• [The problem]
With the pictures removed, set down all of the entries below exactly.
*** Block opens ***
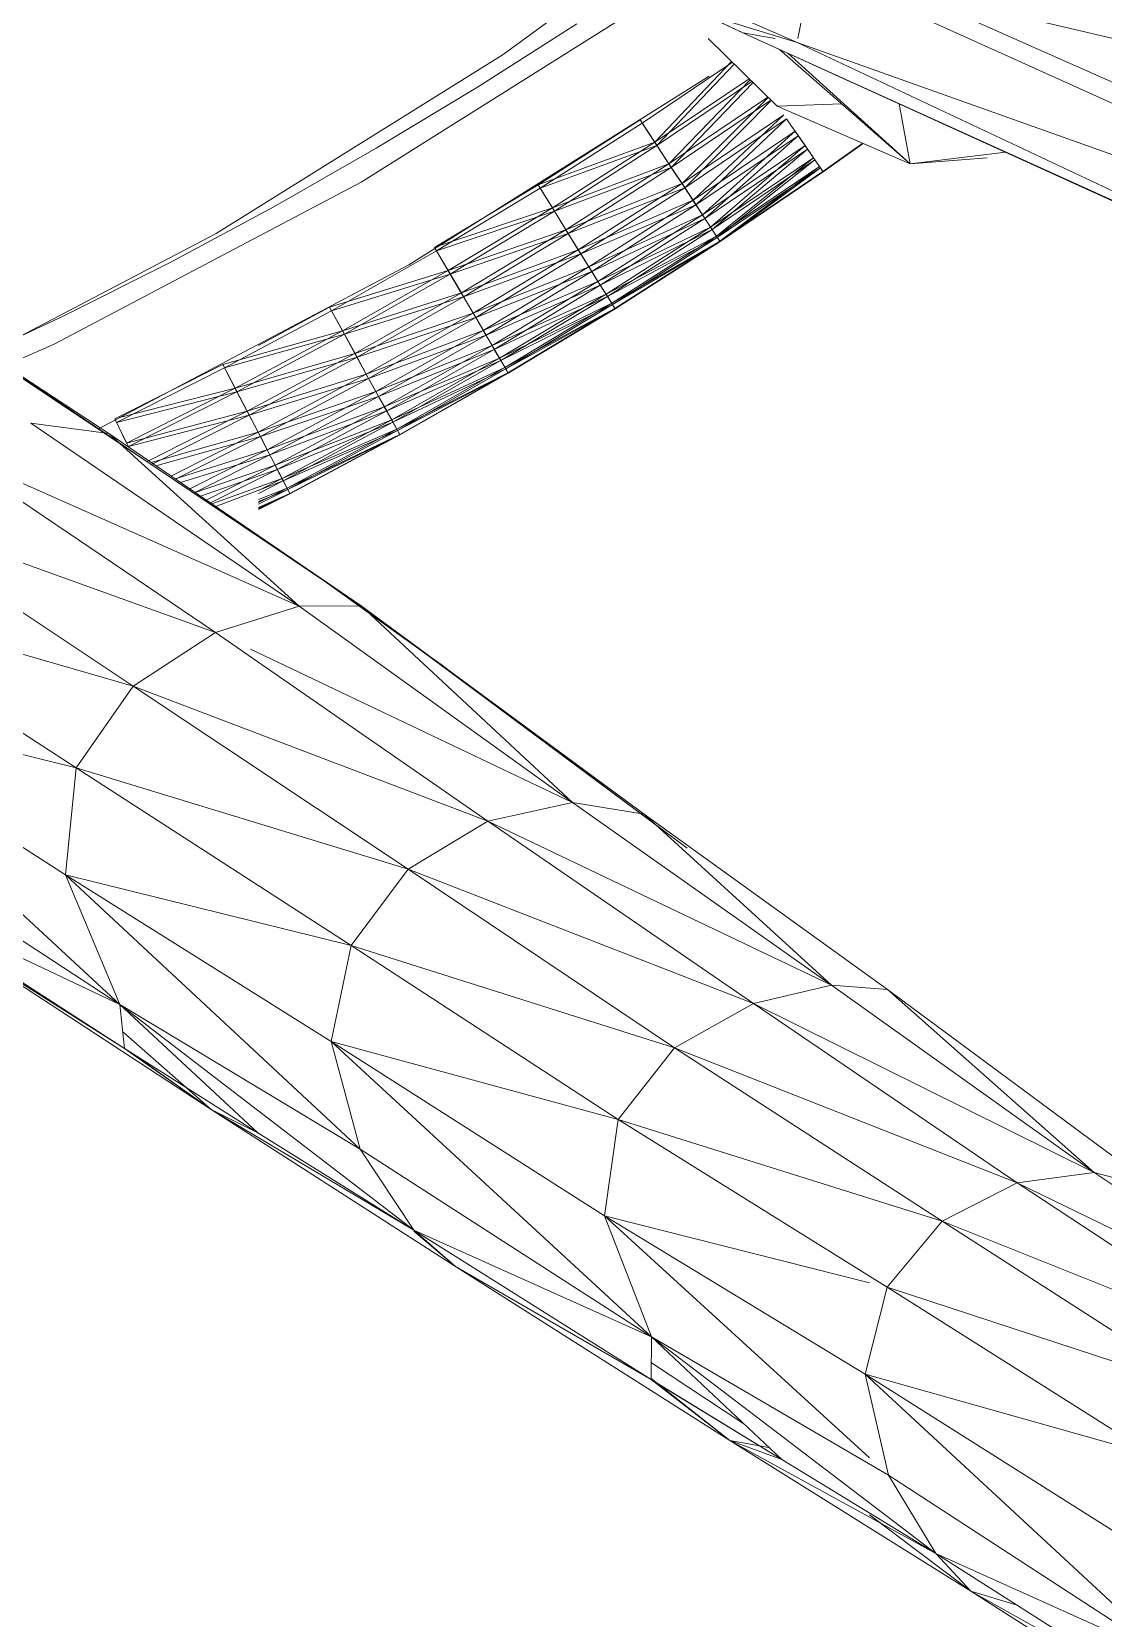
# Model space of a CAD drawing. Header units: millimetres. Extents: x -8546 to 211781, y -3000 to 31870.
# Drawn here: x -4366.7 to -4334.7, y 2492.56 to 2539.95 of the extents above; entities that cross this region are included whole.
import ezdxf

# ---------------------------------------------------------------- set-up
doc = ezdxf.new("R2010")
doc.units = ezdxf.units.MM
doc.layers.add('G-IMPT', color=8, linetype='Continuous', lineweight=9)
doc.layers.add('I-FURN', color=30, linetype='Continuous', lineweight=9)

# ---------------------------------------------------------------- blocks, each defined once
blk = doc.blocks.new('Artificial banana plant 1500mm - Family 4__C1-728657-Begane grond')
at = {"layer": 'G-IMPT'}
for p, q in [((53.972, -110.68), (67.302, -116.963)), ((56.711, -113.494), (68.922, -117.25)), ((59.91, -114.478), (68.922, -117.25)), ((63.015, -114.654), (68.922, -117.25)), ((63.015, -114.654), (68.922, -117.25)), ((69.392, -114.462), (79.68, -119.032)), ((69.392, -114.462), (79.68, -119.032)), ((69.362, -115.014), (68.945, -117.133)), ((69.362, -115.014), (68.945, -117.133)), ((69.362, -115.014), (78.359, -117.133)), ((69.362, -115.014), (78.359, -117.133)), ((69.362, -115.014), (80.023, -119.827)), ((69.362, -115.014), (80.023, -119.827)), ((55.902, -121.419), (64.633, -115.93)), ((61.957, -116.281), (60.142, -117.612)), ((62.342, -116.69), (59.372, -118.588)), ((66.521, -116.594), (67.302, -116.963)), ((67.302, -116.963), (81.796, -123.557)), ((67.302, -116.963), (81.796, -123.557)), ((68.267, -117.133), (67.302, -116.963)), ((68.267, -117.133), (67.302, -116.963)), ((67.302, -116.963), (81.772, -123.52)), ((67.302, -116.963), (81.772, -123.52)), ((66.265, -117.133), (68.322, -119.155)), ((66.265, -117.133), (68.322, -119.155)), ((68.393, -117.459), (72.292, -120.872)), ((68.393, -117.459), (72.292, -120.872)), ((68.922, -117.25), (80.723, -121.453)), ((68.922, -117.25), (80.723, -121.453)), ((68.922, -117.25), (81.572, -123.206)), ((68.922, -117.25), (81.572, -123.206)), ((60.142, -117.612), (51.572, -122.953)), ((64.292, -119.657), (66.985, -117.841)), ((64.292, -119.657), (66.985, -117.841)), ((66.958, -117.814), (64.672, -120.23)), ((66.958, -117.814), (64.672, -120.23)), ((64.732, -120.33), (67.042, -117.897)), ((64.732, -120.33), (67.042, -117.897)), ((68.642, -117.572), (72.292, -120.872)), ((68.642, -117.572), (72.292, -120.872)), ((57.322, -123.889), (66.292, -118.255)), ((67.483, -118.331), (64.672, -120.23)), ((67.483, -118.331), (64.672, -120.23)), ((67.571, -118.417), (64.732, -120.33)), ((67.571, -118.417), (64.732, -120.33)), ((67.519, -118.366), (65.092, -120.877)), ((67.519, -118.366), (65.092, -120.877)), ((67.603, -118.449), (65.162, -120.986)), ((67.603, -118.449), (65.162, -120.986)), ((56.352, -120.41), (59.372, -118.588)), ((68.046, -118.884), (65.092, -120.877)), ((68.046, -118.884), (65.092, -120.877)), ((68.058, -118.896), (65.482, -121.462)), ((68.058, -118.896), (65.482, -121.462)), ((65.162, -120.986), (68.139, -118.975)), ((65.162, -120.986), (68.139, -118.975)), ((68.522, -119.408), (65.482, -121.462)), ((68.522, -119.408), (65.482, -121.462)), ((65.562, -121.586), (68.148, -118.984)), ((65.562, -121.586), (68.148, -118.984)), ((68.522, -119.408), (65.812, -121.963)), ((68.522, -119.408), (65.812, -121.963)), ((68.322, -119.155), (70.251, -119.085)), ((68.322, -119.155), (70.251, -119.085)), ((72.292, -120.872), (68.322, -119.155)), ((72.292, -120.872), (68.322, -119.155)), ((71.962, -119.083), (72.292, -120.872)), ((71.962, -119.083), (72.292, -120.872)), ((64.232, -119.558), (61.182, -121.502)), ((64.232, -119.558), (61.182, -121.502)), ((64.292, -119.657), (61.242, -121.603)), ((64.292, -119.657), (61.242, -121.603)), ((64.232, -119.558), (64.672, -120.23)), ((64.232, -119.558), (64.672, -120.23)), ((64.732, -120.33), (64.292, -119.657)), ((64.732, -120.33), (64.292, -119.657)), ((68.602, -119.53), (65.562, -121.586)), ((68.602, -119.53), (65.562, -121.586)), ((68.602, -119.53), (65.892, -122.099)), ((68.602, -119.53), (65.892, -122.099)), ((68.602, -119.53), (68.952, -120.033)), ((68.602, -119.53), (68.952, -120.033)), ((64.672, -120.23), (61.182, -121.502)), ((64.672, -120.23), (61.182, -121.502)), ((64.732, -120.33), (61.242, -121.603)), ((64.732, -120.33), (61.242, -121.603)), ((64.672, -120.23), (61.612, -122.186)), ((64.672, -120.23), (61.612, -122.186)), ((64.732, -120.33), (61.672, -122.287)), ((64.732, -120.33), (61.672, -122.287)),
*** Block closes ***
• [Final answer]
# Model space of a CAD drawing. Header units: millimetres. Extents: x -8546 to 211781, y -3000 to 31870.
# Drawn here: x -4366.7 to -4334.7, y 2492.56 to 2539.95 of the extents above; entities that cross this region are included whole.
import ezdxf

# ---------------------------------------------------------------- set-up
doc = ezdxf.new("R2010")
doc.units = ezdxf.units.MM
doc.layers.add('G-IMPT', color=8, linetype='Continuous', lineweight=9)
doc.layers.add('I-FURN', color=30, linetype='Continuous', lineweight=9)

# ---------------------------------------------------------------- blocks, each defined once
blk = doc.blocks.new('Artificial banana plant 1500mm - Family 4__C1-728657-Begane grond')
at = {"layer": 'G-IMPT'}
for p, q in [((53.972, -110.68), (67.302, -116.963)), ((56.711, -113.494), (68.922, -117.25)), ((59.91, -114.478), (68.922, -117.25)), ((63.015, -114.654), (68.922, -117.25)), ((63.015, -114.654), (68.922, -117.25)), ((69.392, -114.462), (79.68, -119.032)), ((69.392, -114.462), (79.68, -119.032)), ((69.362, -115.014), (68.945, -117.133)), ((69.362, -115.014), (68.945, -117.133)), ((69.362, -115.014), (78.359, -117.133)), ((69.362, -115.014), (78.359, -117.133)), ((69.362, -115.014), (80.023, -119.827)), ((69.362, -115.014), (80.023, -119.827)), ((55.902, -121.419), (64.633, -115.93)), ((61.957, -116.281), (60.142, -117.612)), ((62.342, -116.69), (59.372, -118.588)), ((66.521, -116.594), (67.302, -116.963)), ((67.302, -116.963), (81.796, -123.557)), ((67.302, -116.963), (81.796, -123.557)), ((68.267, -117.133), (67.302, -116.963)), ((68.267, -117.133), (67.302, -116.963)), ((67.302, -116.963), (81.772, -123.52)), ((67.302, -116.963), (81.772, -123.52)), ((66.265, -117.133), (68.322, -119.155)), ((66.265, -117.133), (68.322, -119.155)), ((68.393, -117.459), (72.292, -120.872)), ((68.393, -117.459), (72.292, -120.872)), ((68.922, -117.25), (80.723, -121.453)), ((68.922, -117.25), (80.723, -121.453)), ((68.922, -117.25), (81.572, -123.206)), ((68.922, -117.25), (81.572, -123.206)), ((60.142, -117.612), (51.572, -122.953)), ((64.292, -119.657), (66.985, -117.841)), ((64.292, -119.657), (66.985, -117.841)), ((66.958, -117.814), (64.672, -120.23)), ((66.958, -117.814), (64.672, -120.23)), ((64.732, -120.33), (67.042, -117.897)), ((64.732, -120.33), (67.042, -117.897)), ((68.642, -117.572), (72.292, -120.872)), ((68.642, -117.572), (72.292, -120.872)), ((57.322, -123.889), (66.292, -118.255)), ((67.483, -118.331), (64.672, -120.23)), ((67.483, -118.331), (64.672, -120.23)), ((67.571, -118.417), (64.732, -120.33)), ((67.571, -118.417), (64.732, -120.33)), ((67.519, -118.366), (65.092, -120.877)), ((67.519, -118.366), (65.092, -120.877)), ((67.603, -118.449), (65.162, -120.986)), ((67.603, -118.449), (65.162, -120.986)), ((56.352, -120.41), (59.372, -118.588)), ((68.046, -118.884), (65.092, -120.877)), ((68.046, -118.884), (65.092, -120.877)), ((68.058, -118.896), (65.482, -121.462)), ((68.058, -118.896), (65.482, -121.462)), ((65.162, -120.986), (68.139, -118.975)), ((65.162, -120.986), (68.139, -118.975)), ((68.522, -119.408), (65.482, -121.462)), ((68.522, -119.408), (65.482, -121.462)), ((65.562, -121.586), (68.148, -118.984)), ((65.562, -121.586), (68.148, -118.984)), ((68.522, -119.408), (65.812, -121.963)), ((68.522, -119.408), (65.812, -121.963)), ((68.322, -119.155), (70.251, -119.085)), ((68.322, -119.155), (70.251, -119.085)), ((72.292, -120.872), (68.322, -119.155)), ((72.292, -120.872), (68.322, -119.155)), ((71.962, -119.083), (72.292, -120.872)), ((71.962, -119.083), (72.292, -120.872)), ((64.232, -119.558), (61.182, -121.502)), ((64.232, -119.558), (61.182, -121.502)), ((64.292, -119.657), (61.242, -121.603)), ((64.292, -119.657), (61.242, -121.603)), ((64.232, -119.558), (64.672, -120.23)), ((64.232, -119.558), (64.672, -120.23)), ((64.732, -120.33), (64.292, -119.657)), ((64.732, -120.33), (64.292, -119.657)), ((68.602, -119.53), (65.562, -121.586)), ((68.602, -119.53), (65.562, -121.586)), ((68.602, -119.53), (65.892, -122.099)), ((68.602, -119.53), (65.892, -122.099)), ((68.602, -119.53), (68.952, -120.033)), ((68.602, -119.53), (68.952, -120.033)), ((64.672, -120.23), (61.182, -121.502)), ((64.672, -120.23), (61.182, -121.502)), ((64.732, -120.33), (61.242, -121.603)), ((64.732, -120.33), (61.242, -121.603)), ((64.672, -120.23), (61.612, -122.186)), ((64.672, -120.23), (61.612, -122.186)), ((64.732, -120.33), (61.672, -122.287)), ((64.732, -120.33), (61.672, -122.287)),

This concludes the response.